_What the task asks_
Give the data below again exactly, and drop each picture from it.

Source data
= Beginning of Section =
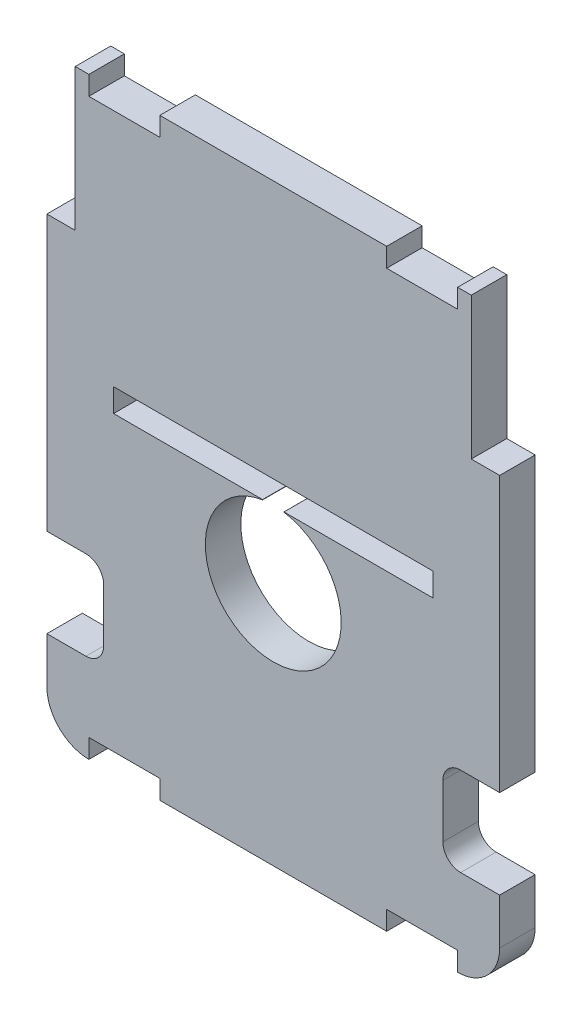
from build123d import *

# Parameters (mm, degrees)
BOSS_EXTRUDE1_DEPTH = 6.35


with BuildPart() as part:
    # Sketch1 → Boss-Extrude1 (new body)
    with BuildSketch(Plane.XY):
        with BuildLine():
            Line((8823.036740753, 3168.83754785), (8823.036740753, 3119.67584785))
            Line((8823.036740753, 3119.67584785), (8816.051740753, 3119.67584785))
            ThreePointArc((8816.051740753, 3119.67584785), (8813.806676722, 3118.74591188), (8812.876740753, 3116.50084785))
            Line((8812.876740753, 3116.50084785), (8812.876740753, 3106.97584785))
            ThreePointArc((8812.876740753, 3106.97584785), (8813.806676722, 3104.73078382), (8816.051740753, 3103.80084785))
            Line((8816.051740753, 3103.80084785), (8823.036740753, 3103.80084785))
            Line((8823.036740753, 3103.80084785), (8823.036740753, 3095.59664785))
            ThreePointArc((8823.036740753, 3095.59664785), (8820.834652376, 3090.280336226), (8815.518340753, 3088.07824785))
            Line((8815.518340753, 3088.07824785), (8815.518340753, 3091.48184785))
            Line((8815.518340753, 3091.48184785), (8802.818340753, 3091.48184785))
            Line((8802.818340753, 3091.48184785), (8802.818340753, 3088.07824785))
            Line((8802.818340753, 3088.07824785), (8762.229140753, 3088.07824785))
            Line((8762.229140753, 3088.07824785), (8762.229140753, 3091.48184785))
            Line((8762.229140753, 3091.48184785), (8749.529140753, 3091.48184785))
            Line((8749.529140753, 3091.48184785), (8749.529140753, 3088.07824785))
            ThreePointArc((8749.529140753, 3088.07824785), (8744.212829129, 3090.280336226), (8742.010740753, 3095.59664785))
            Line((8742.010740753, 3095.59664785), (8742.010740753, 3103.80084785))
            Line((8742.010740753, 3103.80084785), (8748.995740753, 3103.80084785))
            ThreePointArc((8748.995740753, 3103.80084785), (8751.240804783, 3104.73078382), (8752.170740753, 3106.97584785))
            Line((8752.170740753, 3106.97584785), (8752.170740753, 3116.50084785))
            ThreePointArc((8752.170740753, 3116.50084785), (8751.240804783, 3118.74591188), (8748.995740753, 3119.67584785))
            Line((8748.995740753, 3119.67584785), (8742.010740753, 3119.67584785))
            Line((8742.010740753, 3119.67584785), (8742.010740753, 3168.83754785))
            Line((8742.010740753, 3168.83754785), (8747.090740753, 3168.83754785))
            Line((8747.090740753, 3168.83754785), (8747.090740753, 3194.23754785))
            Line((8747.090740753, 3194.23754785), (8749.529140753, 3194.23754785))
            Line((8749.529140753, 3194.23754785), (8749.529140753, 3190.83394785))
            Line((8749.529140753, 3190.83394785), (8762.229140753, 3190.83394785))
            Line((8762.229140753, 3190.83394785), (8762.229140753, 3194.23754785))
            Line((8762.229140753, 3194.23754785), (8802.818340753, 3194.23754785))
            Line((8802.818340753, 3194.23754785), (8802.818340753, 3190.83394785))
            Line((8802.818340753, 3190.83394785), (8815.518340753, 3190.83394785))
            Line((8815.518340753, 3190.83394785), (8815.518340753, 3194.23754785))
            Line((8815.518340753, 3194.23754785), (8817.956740753, 3194.23754785))
            Line((8817.956740753, 3194.23754785), (8817.956740753, 3168.83754785))
            Line((8817.956740753, 3168.83754785), (8823.036740753, 3168.83754785))
        make_face()
        with BuildLine():
            Line((8780.603057309, 3143.88204785), (8753.948740753, 3143.88204785))
            Line((8753.948740753, 3143.88204785), (8753.948740753, 3148.04764785))
            Line((8753.948740753, 3148.04764785), (8811.098740753, 3148.04764785))
            Line((8811.098740753, 3148.04764785), (8811.098740753, 3143.88204785))
            Line((8811.098740753, 3143.88204785), (8784.444424196, 3143.88204785))
            ThreePointArc((8784.444424196, 3143.88204785), (8784.419103776, 3143.858656943), (8784.440418599, 3143.831565681))
            ThreePointArc((8784.440418599, 3143.831565681), (8782.523740753, 3119.67584785), (8780.607062906, 3143.831565681))
            ThreePointArc((8780.607062906, 3143.831565681), (8780.628377729, 3143.858656943), (8780.603057309, 3143.88204785))
        make_face(mode=Mode.SUBTRACT)
    extrude(amount=BOSS_EXTRUDE1_DEPTH)


solid = part.part
= End of Section =
_Answer to this exercise_
from build123d import *

# Parameters (mm, degrees)
BOSS_EXTRUDE1_DEPTH = 6.35


with BuildPart() as part:
    # Sketch1 → Boss-Extrude1 (new body)
    with BuildSketch(Plane.XY):
        with BuildLine():
            Line((8823.036740753, 3168.83754785), (8823.036740753, 3119.67584785))
            Line((8823.036740753, 3119.67584785), (8816.051740753, 3119.67584785))
            ThreePointArc((8816.051740753, 3119.67584785), (8813.806676722, 3118.74591188), (8812.876740753, 3116.50084785))
            Line((8812.876740753, 3116.50084785), (8812.876740753, 3106.97584785))
            ThreePointArc((8812.876740753, 3106.97584785), (8813.806676722, 3104.73078382), (8816.051740753, 3103.80084785))
            Line((8816.051740753, 3103.80084785), (8823.036740753, 3103.80084785))
            Line((8823.036740753, 3103.80084785), (8823.036740753, 3095.59664785))
            ThreePointArc((8823.036740753, 3095.59664785), (8820.834652376, 3090.280336226), (8815.518340753, 3088.07824785))
            Line((8815.518340753, 3088.07824785), (8815.518340753, 3091.48184785))
            Line((8815.518340753, 3091.48184785), (8802.818340753, 3091.48184785))
            Line((8802.818340753, 3091.48184785), (8802.818340753, 3088.07824785))
            Line((8802.818340753, 3088.07824785), (8762.229140753, 3088.07824785))
            Line((8762.229140753, 3088.07824785), (8762.229140753, 3091.48184785))
            Line((8762.229140753, 3091.48184785), (8749.529140753, 3091.48184785))
            Line((8749.529140753, 3091.48184785), (8749.529140753, 3088.07824785))
            ThreePointArc((8749.529140753, 3088.07824785), (8744.212829129, 3090.280336226), (8742.010740753, 3095.59664785))
            Line((8742.010740753, 3095.59664785), (8742.010740753, 3103.80084785))
            Line((8742.010740753, 3103.80084785), (8748.995740753, 3103.80084785))
            ThreePointArc((8748.995740753, 3103.80084785), (8751.240804783, 3104.73078382), (8752.170740753, 3106.97584785))
            Line((8752.170740753, 3106.97584785), (8752.170740753, 3116.50084785))
            ThreePointArc((8752.170740753, 3116.50084785), (8751.240804783, 3118.74591188), (8748.995740753, 3119.67584785))
            Line((8748.995740753, 3119.67584785), (8742.010740753, 3119.67584785))
            Line((8742.010740753, 3119.67584785), (8742.010740753, 3168.83754785))
            Line((8742.010740753, 3168.83754785), (8747.090740753, 3168.83754785))
            Line((8747.090740753, 3168.83754785), (8747.090740753, 3194.23754785))
            Line((8747.090740753, 3194.23754785), (8749.529140753, 3194.23754785))
            Line((8749.529140753, 3194.23754785), (8749.529140753, 3190.83394785))
            Line((8749.529140753, 3190.83394785), (8762.229140753, 3190.83394785))
            Line((8762.229140753, 3190.83394785), (8762.229140753, 3194.23754785))
            Line((8762.229140753, 3194.23754785), (8802.818340753, 3194.23754785))
            Line((8802.818340753, 3194.23754785), (8802.818340753, 3190.83394785))
            Line((8802.818340753, 3190.83394785), (8815.518340753, 3190.83394785))
            Line((8815.518340753, 3190.83394785), (8815.518340753, 3194.23754785))
            Line((8815.518340753, 3194.23754785), (8817.956740753, 3194.23754785))
            Line((8817.956740753, 3194.23754785), (8817.956740753, 3168.83754785))
            Line((8817.956740753, 3168.83754785), (8823.036740753, 3168.83754785))
        make_face()
        with BuildLine():
            Line((8780.603057309, 3143.88204785), (8753.948740753, 3143.88204785))
            Line((8753.948740753, 3143.88204785), (8753.948740753, 3148.04764785))
            Line((8753.948740753, 3148.04764785), (8811.098740753, 3148.04764785))
            Line((8811.098740753, 3148.04764785), (8811.098740753, 3143.88204785))
            Line((8811.098740753, 3143.88204785), (8784.444424196, 3143.88204785))
            ThreePointArc((8784.444424196, 3143.88204785), (8784.419103776, 3143.858656943), (8784.440418599, 3143.831565681))
            ThreePointArc((8784.440418599, 3143.831565681), (8782.523740753, 3119.67584785), (8780.607062906, 3143.831565681))
            ThreePointArc((8780.607062906, 3143.831565681), (8780.628377729, 3143.858656943), (8780.603057309, 3143.88204785))
        make_face(mode=Mode.SUBTRACT)
    extrude(amount=BOSS_EXTRUDE1_DEPTH)


solid = part.part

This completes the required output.